His daughter Alexis was there too, early teens, a year or two older than my lass is now. I recall that one or two of the senior relations frowned on the way she was dressed, but Jean would have none of it, telling them that Thornie would have wanted her that way. She told me, afterwards, when the funeral sandwiches were finished and everyone had buggered off to get on with their lives, that one of them had also muttered that the kid took after her dead mother, and that it hadn’t been meant as a compliment.

‘They thought our Myra was flighty,’ she said, ‘to put it politely.’ Then she laughed. ‘She was too, and Bob was putty in her hands.’ Another crack in that legendary armour. ‘He’s been a lost soul since my sister died; maybe the one he had with him today will make him happy.’
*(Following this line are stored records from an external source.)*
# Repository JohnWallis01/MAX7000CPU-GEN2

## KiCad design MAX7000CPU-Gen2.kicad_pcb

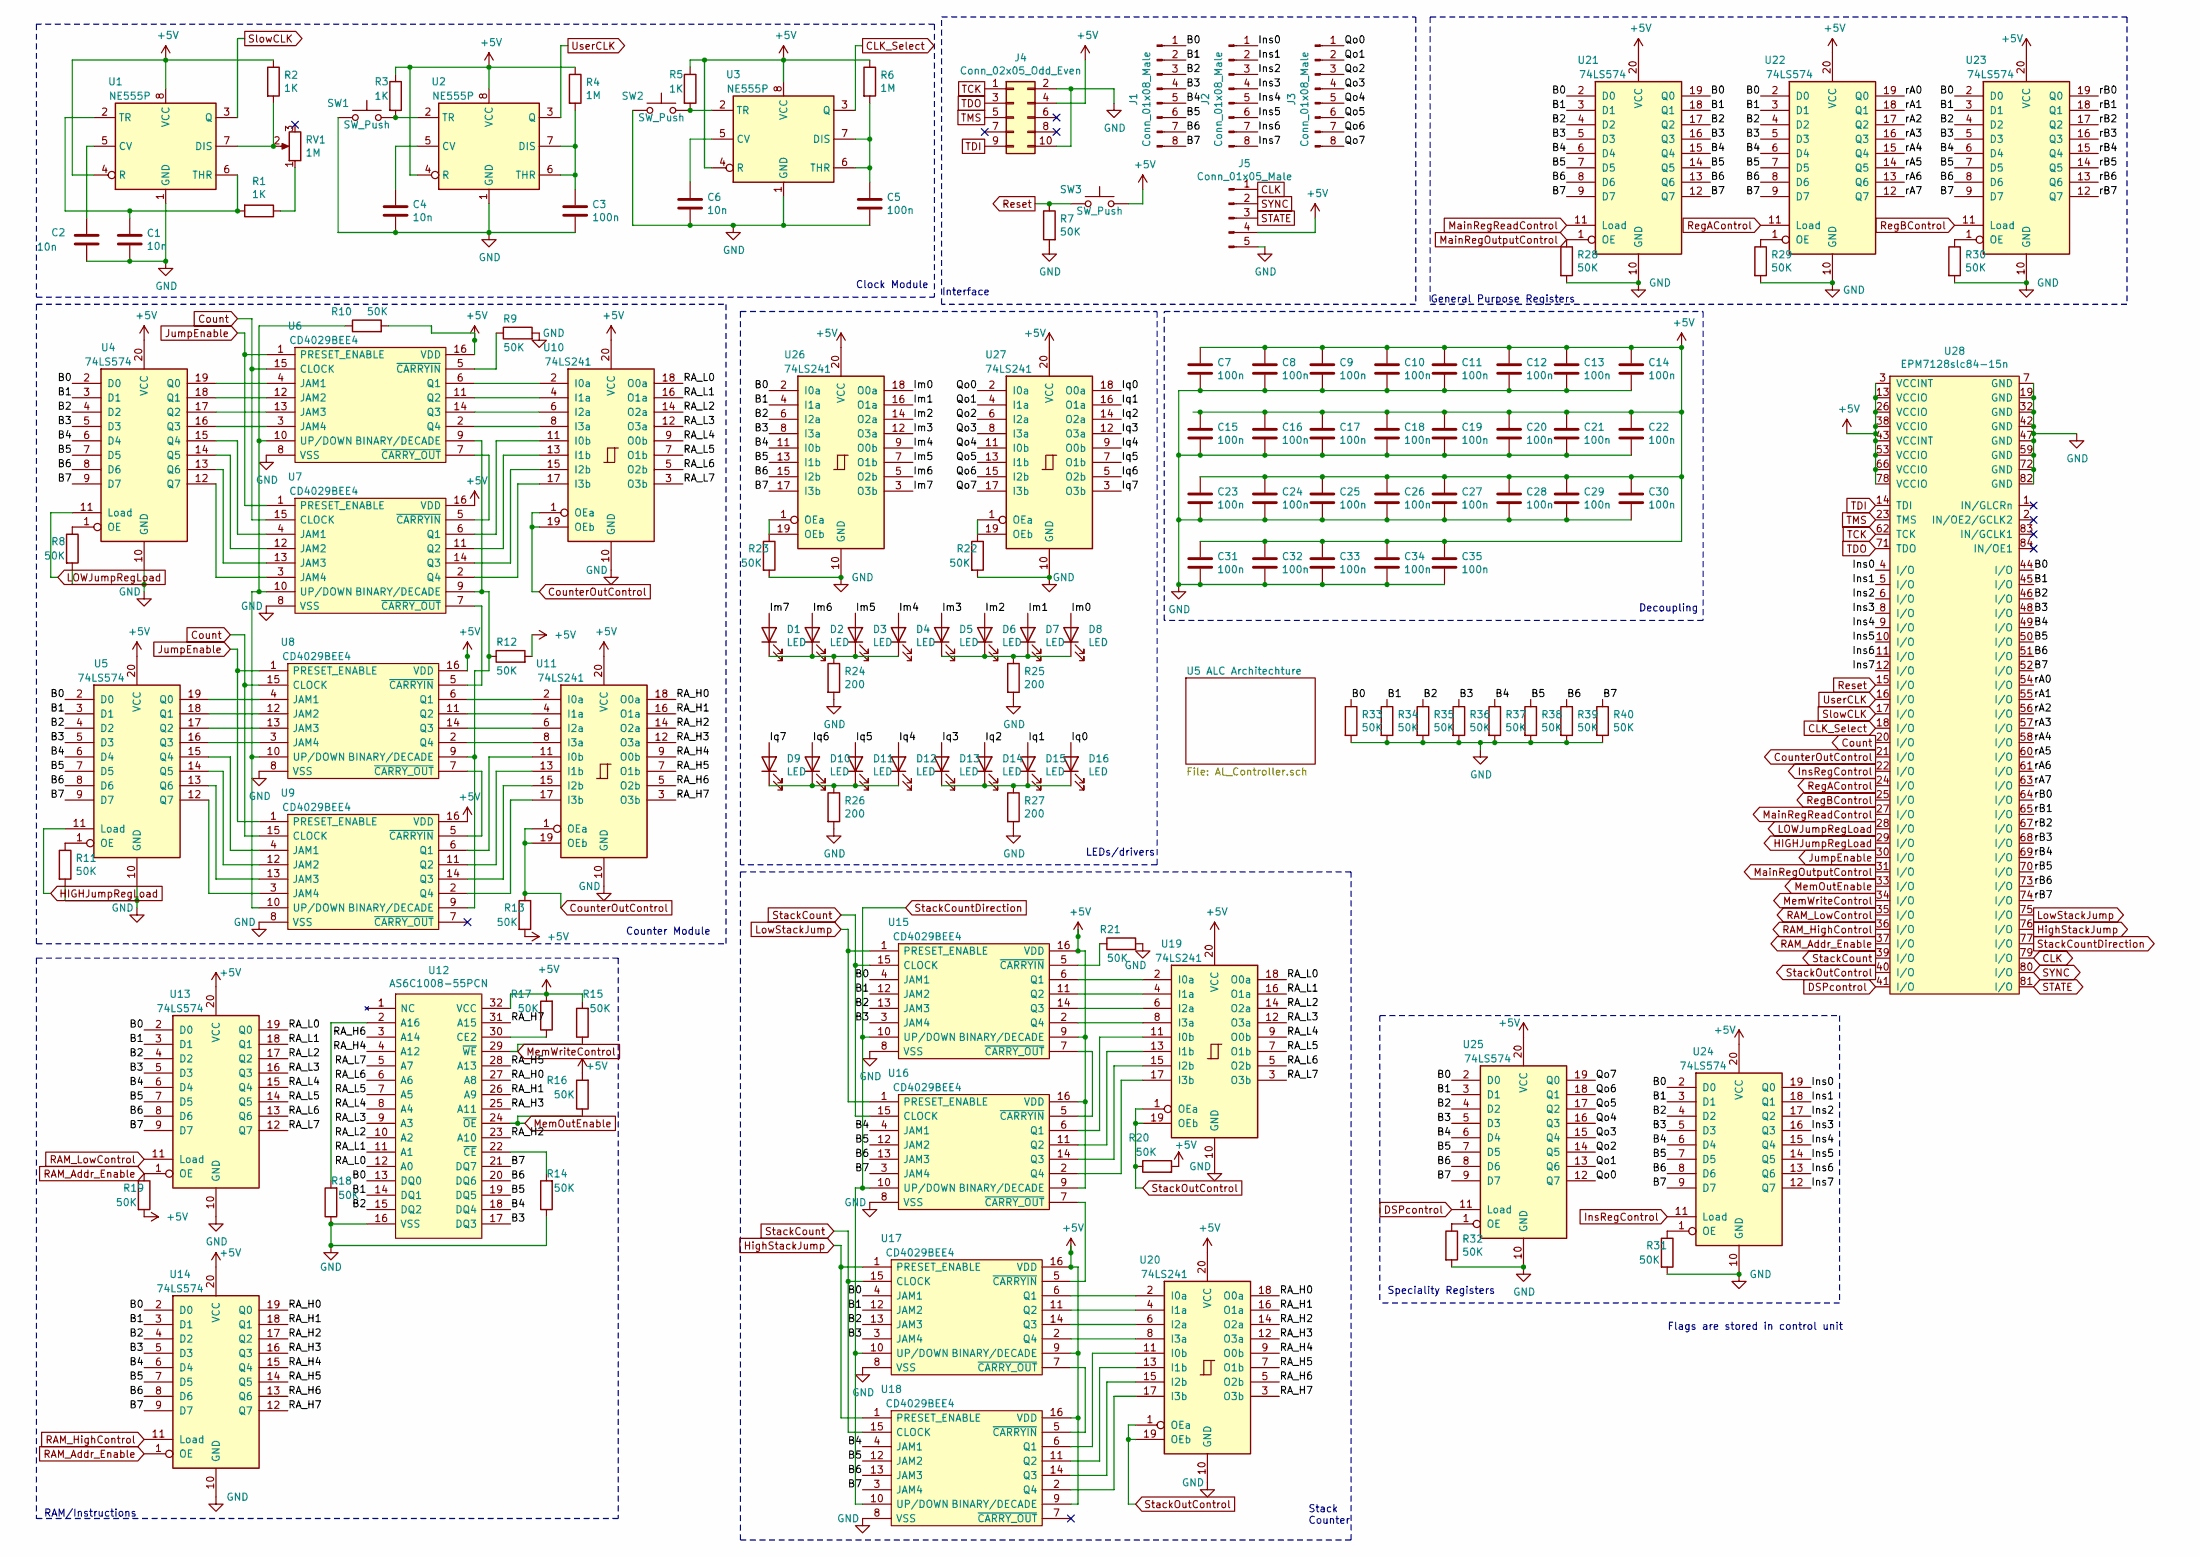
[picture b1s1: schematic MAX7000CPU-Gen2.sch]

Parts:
C1, C2, C4, C6: 10n; C_Disc_D5.0mm_W2.5mm_P2.50mm
C3, C5: 100n; C_Disc_D5.0mm_W2.5mm_P2.50mm
C7, C8, C9, C10, C11, C12, C13, C14, C15, C16, C17, C18, C19, C20, C21, C22, C23, C24, C25, C26, C27, C28, C29, C30, C31, C32, C33, C34, C35: 100n; C_0805_2012Metric_Pad1.18x1.45mm_HandSolder
D1, D2, D3, D4, D5, D6, D7, D8, D9, D10, D11, D12, D13, D14, D15, D16: LED; LED_D3.0mm
J1, J2, J3: Conn_01x08_Male; PinHeader_1x08_P2.54mm_Vertical
J4: Conn_02x05_Odd_Even; PinHeader_2x05_P2.54mm_Vertical
J5: Conn_01x05_Male; PinHeader_1x05_P2.54mm_Vertical
R1, R2, R3, R5: 1K; R_Axial_DIN0207_L6.3mm_D2.5mm_P7.62mm_Horizontal
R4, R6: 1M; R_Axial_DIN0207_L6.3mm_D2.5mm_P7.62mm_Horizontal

She did, as it happened, but only for a while: Alison, her name was. When they split, Jean’s take was that it hadn’t worked because she’d been as career-driven as him.

Since that first meeting, I haven’t seen a lot of him, but Alexis has always kept in touch with her aunt and with the younger Myra; she takes a special interest in her cousin, because she was named after her mum. His path and mine did cross, professionally, though, just after the funeral. He had an investigation in progress and a line of inquiry led him to Hamilton, where I was stationed, in the sergeant’s uniform that I thought I’d be wearing for another twenty years. I checked something out for him, informally, but I never did find out if it led anywhere. It wasn’t long afterwards that I hung up the tunic and moved into CID. I did wonder at the time whether he had anything to do with it, but when I asked him, at my wedding reception, he laughed, and said, ‘Do you think your bosses would listen to a single word of mine, Lowell?’